■ **Instructions to follow**: Up to and including the line with "for name, pattern", write out the listing from its first line, minus the pictures.

■ **Input data**:
★ ★ ★ ★ ★

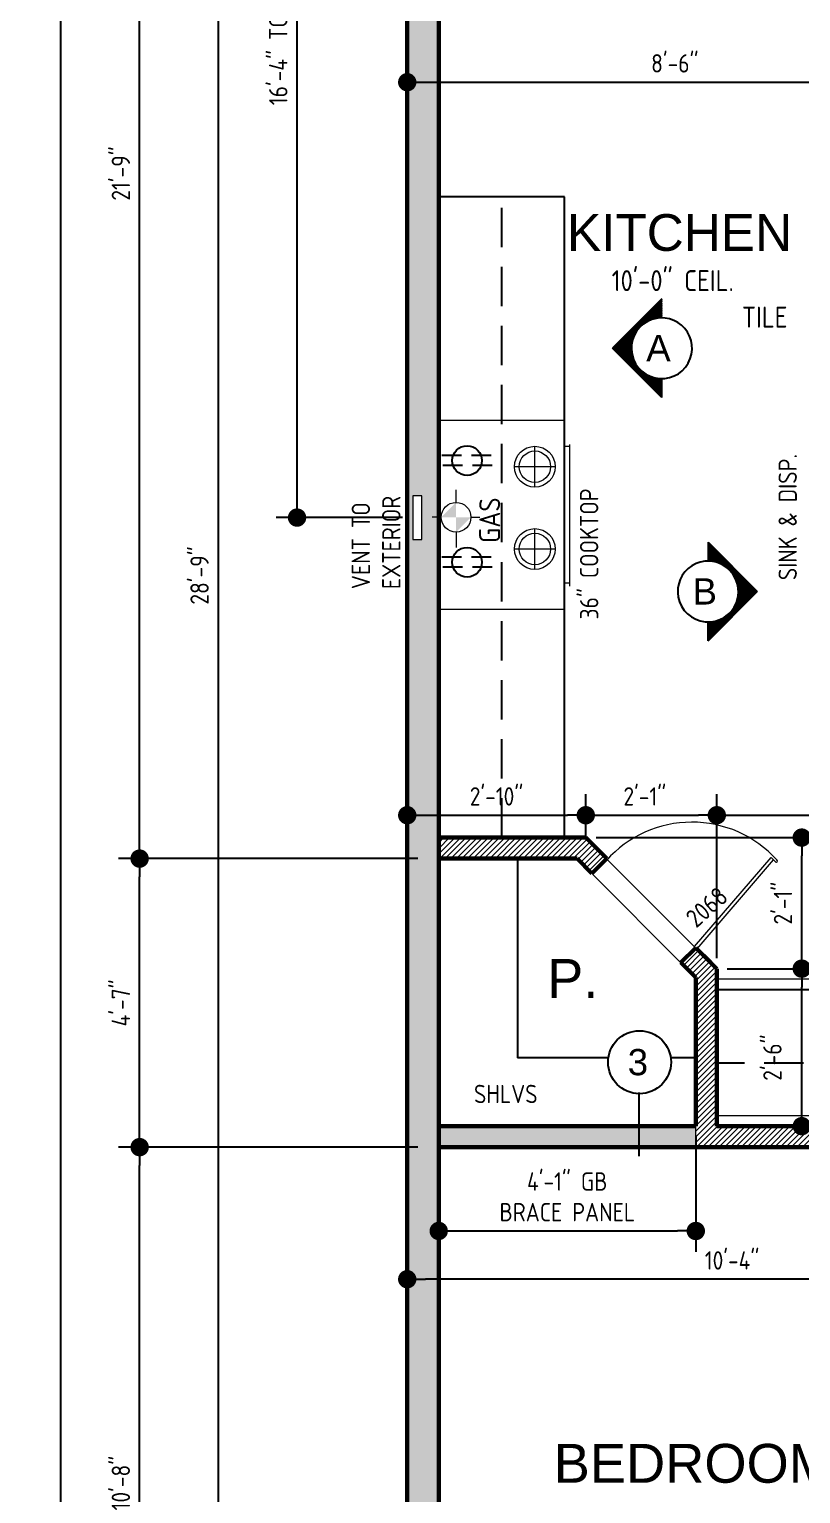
# Model space of a CAD drawing. Header units: feet. Extents: x 57903 to 63568, y -124112 to -112262.
# Drawn here: x 62827.3 to 62974.3, y -123560.8 to -123281.8 of the extents above; entities that cross this region are included whole.
import ezdxf

# ---------------------------------------------------------------- set-up
doc = ezdxf.new("R2010")
doc.units = ezdxf.units.FT
doc.header["$LTSCALE"] = 30
doc.header["$MEASUREMENT"] = 0
for name, pattern in [('HIDDEN', [0.375, 0.25, -0.125]), ('HIDDEN2', [0.1875, 0.125, -0.0625]), ('Solid', [0])]:
    doc.linetypes.add(name, pattern=pattern)
for name, color, linetype in [('CABS-FLOORPLAN', 4, 'Continuous'), ('ELECTRICAL', 164, 'HIDDEN'), ('TEXT', 7, 'Continuous')]:
    doc.layers.add(name, color=color, linetype=linetype)
for name, color, linetype, lineweight in [('DIMS', 137, 'Continuous', 15), ('DOORS', 157, 'Continuous', 9), ('DOORTEXT', 253, 'Continuous', 20), ('HATCH', 123, 'Continuous', 0), ('L1', 251, 'Continuous', 13), ('ROOM LBLS', 253, 'Continuous', 30), ('TEXT LBLS', 81, 'Continuous', 18), ('WALLS', 7, 'Continuous', 60)]:
    doc.layers.add(name, color=color, linetype=linetype, lineweight=lineweight)
doc.styles.add('ARCH', font='ARCHITXT.SHX')
doc.styles.add('SWIS72', font='swissel.ttf', dxfattribs={"height": 4.5})
doc.styles.add('TEXT1', font='ARCHITXT.shx')
doc.dimstyles.new('ARCHITECTURAL', dxfattribs={"dimtxt": 3.5, "dimasz": 3.5, "dimexe": 4, "dimexo": 2, "dimgap": 1.5, "dimtad": 1, "dimdec": 1, "dimzin": 3, "dimdsep": 46, "dimlunit": 4, "dimtxsty": 'ARCH', "dimblk": 'DOT', "dimcen": 0.0625, "dimadec": 0, "dimazin": 0, "dimtfac": 1, "dimtdec": 1, "dimtix": 1, "dimtofl": 0, "dimtmove": 1, "dimatfit": 2, "dimldrblk": 'DOTSMALL', "dimfxl": 1, "dimtolj": 1, "dimtzin": 0, "dimarcsym": 0})

# ---------------------------------------------------------------- blocks, each defined once
blk = doc.blocks.new('_Dot')
at = {"layer": 'DIMS', "color": 0, "lineweight": -2}
blk.add_line((-0.5, 0), (-1, 0), dxfattribs=at)
at = {"layer": 'DIMS', "color": 0, "const_width": 0.5}
blk.add_lwpolyline([(-0.25, 0, 1), (0.25, 0, 1)], format="xyb", close=True, dxfattribs=at)
blk = doc.blocks.new('*D600')
at = {"layer": 'Defpoints', "color": 0, "linetype": 'Solid', "transparency": 16777216}
for p in [(62899.31, -123519.9), (63023.12, -123524.74), (62899.31, -123532.29)]:
    blk.add_point(p, dxfattribs=at)
at = {"layer": 'DIMS', "color": 0, "linetype": 'Solid', "lineweight": -2, "transparency": 16777216}
for p, q in [((62899.31, -123530.29), (62899.31, -123515.9)), ((63023.12, -123522.74), (63023.12, -123515.9)), ((63019.62, -123519.9), (62902.81, -123519.9))]:
    blk.add_line(p, q, dxfattribs=at)
at = {"layer": 'DIMS', "color": 0, "linetype": 'Solid', "lineweight": -2, "transparency": 16777216, "xscale": 3.5, "yscale": 3.5, "zscale": 3.5, "rotation": 180}
blk.add_blockref('_Dot', (62899.31, -123519.9), dxfattribs=at)
at = {"layer": 'DIMS', "color": 0, "linetype": 'Solid', "lineweight": -2, "transparency": 16777216, "xscale": 3.5, "yscale": 3.5, "zscale": 3.5}
blk.add_blockref('_Dot', (63023.12, -123519.9), dxfattribs=at)
at = {"layer": 'DIMS', "color": 0, "linetype": 'Solid', "transparency": 16777216, "insert": (62961.22, -123516.32), "char_height": 3.5, "attachment_point": 5, "style": 'ARCH'}
blk.add_mtext('\\A1;10\'-4"', dxfattribs=at)
blk = doc.blocks.new('_DotSmall')
at = {"layer": 'DIMS', "color": 0, "const_width": 0.5}
blk.add_lwpolyline([(-0.0625, 0, 1), (0.0625, 0, 1)], format="xyb", close=True, dxfattribs=at)
blk = doc.blocks.new('*D656')
at = {"layer": 'Defpoints', "color": 0, "linetype": 'Solid', "transparency": 16777216}
for p in [(62863.31, -123247.74), (62898.31, -123247.74, -0.39), (62885.99, -123592.74)]:
    blk.add_point(p, dxfattribs=at)
at = {"layer": 'DIMS', "color": 0, "linetype": 'Solid', "lineweight": -2, "transparency": 16777216}
for p, q in [((62896.31, -123247.74), (62859.31, -123247.74)), ((62863.31, -123589.24), (62863.31, -123251.24)), ((62883.99, -123592.74), (62859.31, -123592.74))]:
    blk.add_line(p, q, dxfattribs=at)
at = {"layer": 'DIMS', "color": 0, "linetype": 'Solid', "lineweight": -2, "transparency": 16777216, "xscale": 3.5, "yscale": 3.5, "zscale": 3.5}
for p, rotation in [((62863.31, -123247.74), 90), ((62863.31, -123592.74), 270)]:
    blk.add_blockref('_Dot', p, dxfattribs=dict(at, rotation=rotation))
at = {"layer": 'DIMS', "color": 0, "linetype": 'Solid', "transparency": 16777216, "insert": (62859.73, -123385.84), "char_height": 3.5, "attachment_point": 5, "rotation": 90, "style": 'ARCH'}
blk.add_mtext('\\A1;28\'-9"', dxfattribs=at)
blk = doc.blocks.new('*D662')
at = {"layer": 'Defpoints', "color": 0, "linetype": 'Solid', "transparency": 16777216}
for p in [(62848.31, -123494.74), (62903.31, -123494.74), (62903.31, -123622.74)]:
    blk.add_point(p, dxfattribs=at)
at = {"layer": 'DIMS', "color": 0, "linetype": 'Solid', "lineweight": -2, "transparency": 16777216}
for p, q in [((62901.31, -123494.74), (62844.31, -123494.74)), ((62848.31, -123619.24), (62848.31, -123498.24)), ((62901.31, -123622.74), (62844.31, -123622.74))]:
    blk.add_line(p, q, dxfattribs=at)
at = {"layer": 'DIMS', "color": 0, "linetype": 'Solid', "lineweight": -2, "transparency": 16777216, "xscale": 3.5, "yscale": 3.5, "zscale": 3.5}
for p, rotation in [((62848.31, -123494.74), 90), ((62848.31, -123622.74), 270)]:
    blk.add_blockref('_Dot', p, dxfattribs=dict(at, rotation=rotation))
at = {"layer": 'DIMS', "color": 0, "linetype": 'Solid', "transparency": 16777216, "insert": (62844.73, -123558.74), "char_height": 3.5, "attachment_point": 5, "rotation": 90, "style": 'ARCH'}
blk.add_mtext('\\A1;10\'-8"', dxfattribs=at)
blk = doc.blocks.new('*D663')
at = {"layer": 'Defpoints', "color": 0, "linetype": 'Solid', "transparency": 16777216}
for p in [(62848.31, -123439.77), (62903.31, -123439.77), (62903.31, -123494.74)]:
    blk.add_point(p, dxfattribs=at)
at = {"layer": 'DIMS', "color": 0, "linetype": 'Solid', "lineweight": -2, "transparency": 16777216}
for p, q in [((62901.31, -123439.77), (62844.31, -123439.77)), ((62848.31, -123491.24), (62848.31, -123443.27)), ((62901.31, -123494.74), (62844.31, -123494.74))]:
    blk.add_line(p, q, dxfattribs=at)
at = {"layer": 'DIMS', "color": 0, "linetype": 'Solid', "lineweight": -2, "transparency": 16777216, "xscale": 3.5, "yscale": 3.5, "zscale": 3.5}
for p, rotation in [((62848.31, -123439.77), 90), ((62848.31, -123494.74), 270)]:
    blk.add_blockref('_Dot', p, dxfattribs=dict(at, rotation=rotation))
at = {"layer": 'DIMS', "color": 0, "linetype": 'Solid', "transparency": 16777216, "insert": (62844.73, -123467.26), "char_height": 3.5, "attachment_point": 5, "rotation": 90, "style": 'ARCH'}
blk.add_mtext('\\A1;4\'-7"', dxfattribs=at)
blk = doc.blocks.new('*D664')
at = {"layer": 'Defpoints', "color": 0, "linetype": 'Solid', "transparency": 16777216}
for p in [(62833.31, -123178.74), (62899.31, -123178.74), (62899.31, -123970.74)]:
    blk.add_point(p, dxfattribs=at)
at = {"layer": 'DIMS', "color": 0, "linetype": 'Solid', "lineweight": -2, "transparency": 16777216}
for p, q in [((62897.31, -123178.74), (62829.31, -123178.74)), ((62833.31, -123967.24), (62833.31, -123182.24)), ((62897.31, -123970.74), (62829.31, -123970.74))]:
    blk.add_line(p, q, dxfattribs=at)
at = {"layer": 'DIMS', "color": 0, "linetype": 'Solid', "lineweight": -2, "transparency": 16777216, "xscale": 3.5, "yscale": 3.5, "zscale": 3.5}
for p, rotation in [((62833.31, -123178.74), 90), ((62833.31, -123970.74), 270)]:
    blk.add_blockref('_Dot', p, dxfattribs=dict(at, rotation=rotation))
at = {"layer": 'DIMS', "color": 0, "linetype": 'Solid', "transparency": 16777216, "insert": (62829.73, -123574.74), "char_height": 3.5, "attachment_point": 5, "rotation": 90, "style": 'ARCH'}
blk.add_mtext('\\A1;66\'-0"', dxfattribs=at)
blk = doc.blocks.new('*D666')
at = {"layer": 'Defpoints', "color": 0, "linetype": 'Solid', "transparency": 16777216}
for p in [(62848.31, -123178.74), (62899.31, -123178.74), (62903.31, -123439.77)]:
    blk.add_point(p, dxfattribs=at)
at = {"layer": 'DIMS', "color": 0, "linetype": 'Solid', "lineweight": -2, "transparency": 16777216}
for p, q in [((62897.31, -123178.74), (62844.31, -123178.74)), ((62848.31, -123436.27), (62848.31, -123182.24)), ((62901.31, -123439.77), (62844.31, -123439.77))]:
    blk.add_line(p, q, dxfattribs=at)
at = {"layer": 'DIMS', "color": 0, "linetype": 'Solid', "lineweight": -2, "transparency": 16777216, "xscale": 3.5, "yscale": 3.5, "zscale": 3.5}
for p, rotation in [((62848.31, -123178.74), 90), ((62848.31, -123439.77), 270)]:
    blk.add_blockref('_Dot', p, dxfattribs=dict(at, rotation=rotation))
at = {"layer": 'DIMS', "color": 0, "linetype": 'Solid', "transparency": 16777216, "insert": (62844.73, -123309.26), "char_height": 3.5, "attachment_point": 5, "rotation": 90, "style": 'ARCH'}
blk.add_mtext('\\A1;21\'-9"', dxfattribs=at)
blk = doc.blocks.new('*D712')
at = {"layer": 'Defpoints', "color": 0, "linetype": 'Solid', "transparency": 16777216}
for p in [(62958.31, -123431.51), (62933.34, -123438.15), (62958.31, -123460.74)]:
    blk.add_point(p, dxfattribs=at)
at = {"layer": 'DIMS', "color": 0, "linetype": 'Solid', "lineweight": -2, "transparency": 16777216}
for p, q in [((62933.34, -123436.15), (62933.34, -123427.51)), ((62958.31, -123458.74), (62958.31, -123427.51)), ((62936.84, -123431.51), (62954.81, -123431.51))]:
    blk.add_line(p, q, dxfattribs=at)
at = {"layer": 'DIMS', "color": 0, "linetype": 'Solid', "lineweight": -2, "transparency": 16777216, "xscale": 3.5, "yscale": 3.5, "zscale": 3.5, "rotation": 180}
blk.add_blockref('_Dot', (62933.34, -123431.51), dxfattribs=at)
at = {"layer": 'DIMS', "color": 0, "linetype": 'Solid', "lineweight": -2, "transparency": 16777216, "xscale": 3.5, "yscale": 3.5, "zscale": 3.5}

★ ★ ★ ★ ★

■ **Result of this task**:
# Model space of a CAD drawing. Header units: feet. Extents: x 57903 to 63568, y -124112 to -112262.
# Drawn here: x 62827.3 to 62974.3, y -123560.8 to -123281.8 of the extents above; entities that cross this region are included whole.
import ezdxf

# ---------------------------------------------------------------- set-up
doc = ezdxf.new("R2010")
doc.units = ezdxf.units.FT
doc.header["$LTSCALE"] = 30
doc.header["$MEASUREMENT"] = 0
for name, pattern in [('HIDDEN', [0.375, 0.25, -0.125]), ('HIDDEN2', [0.1875, 0.125, -0.0625]), ('Solid', [0])]:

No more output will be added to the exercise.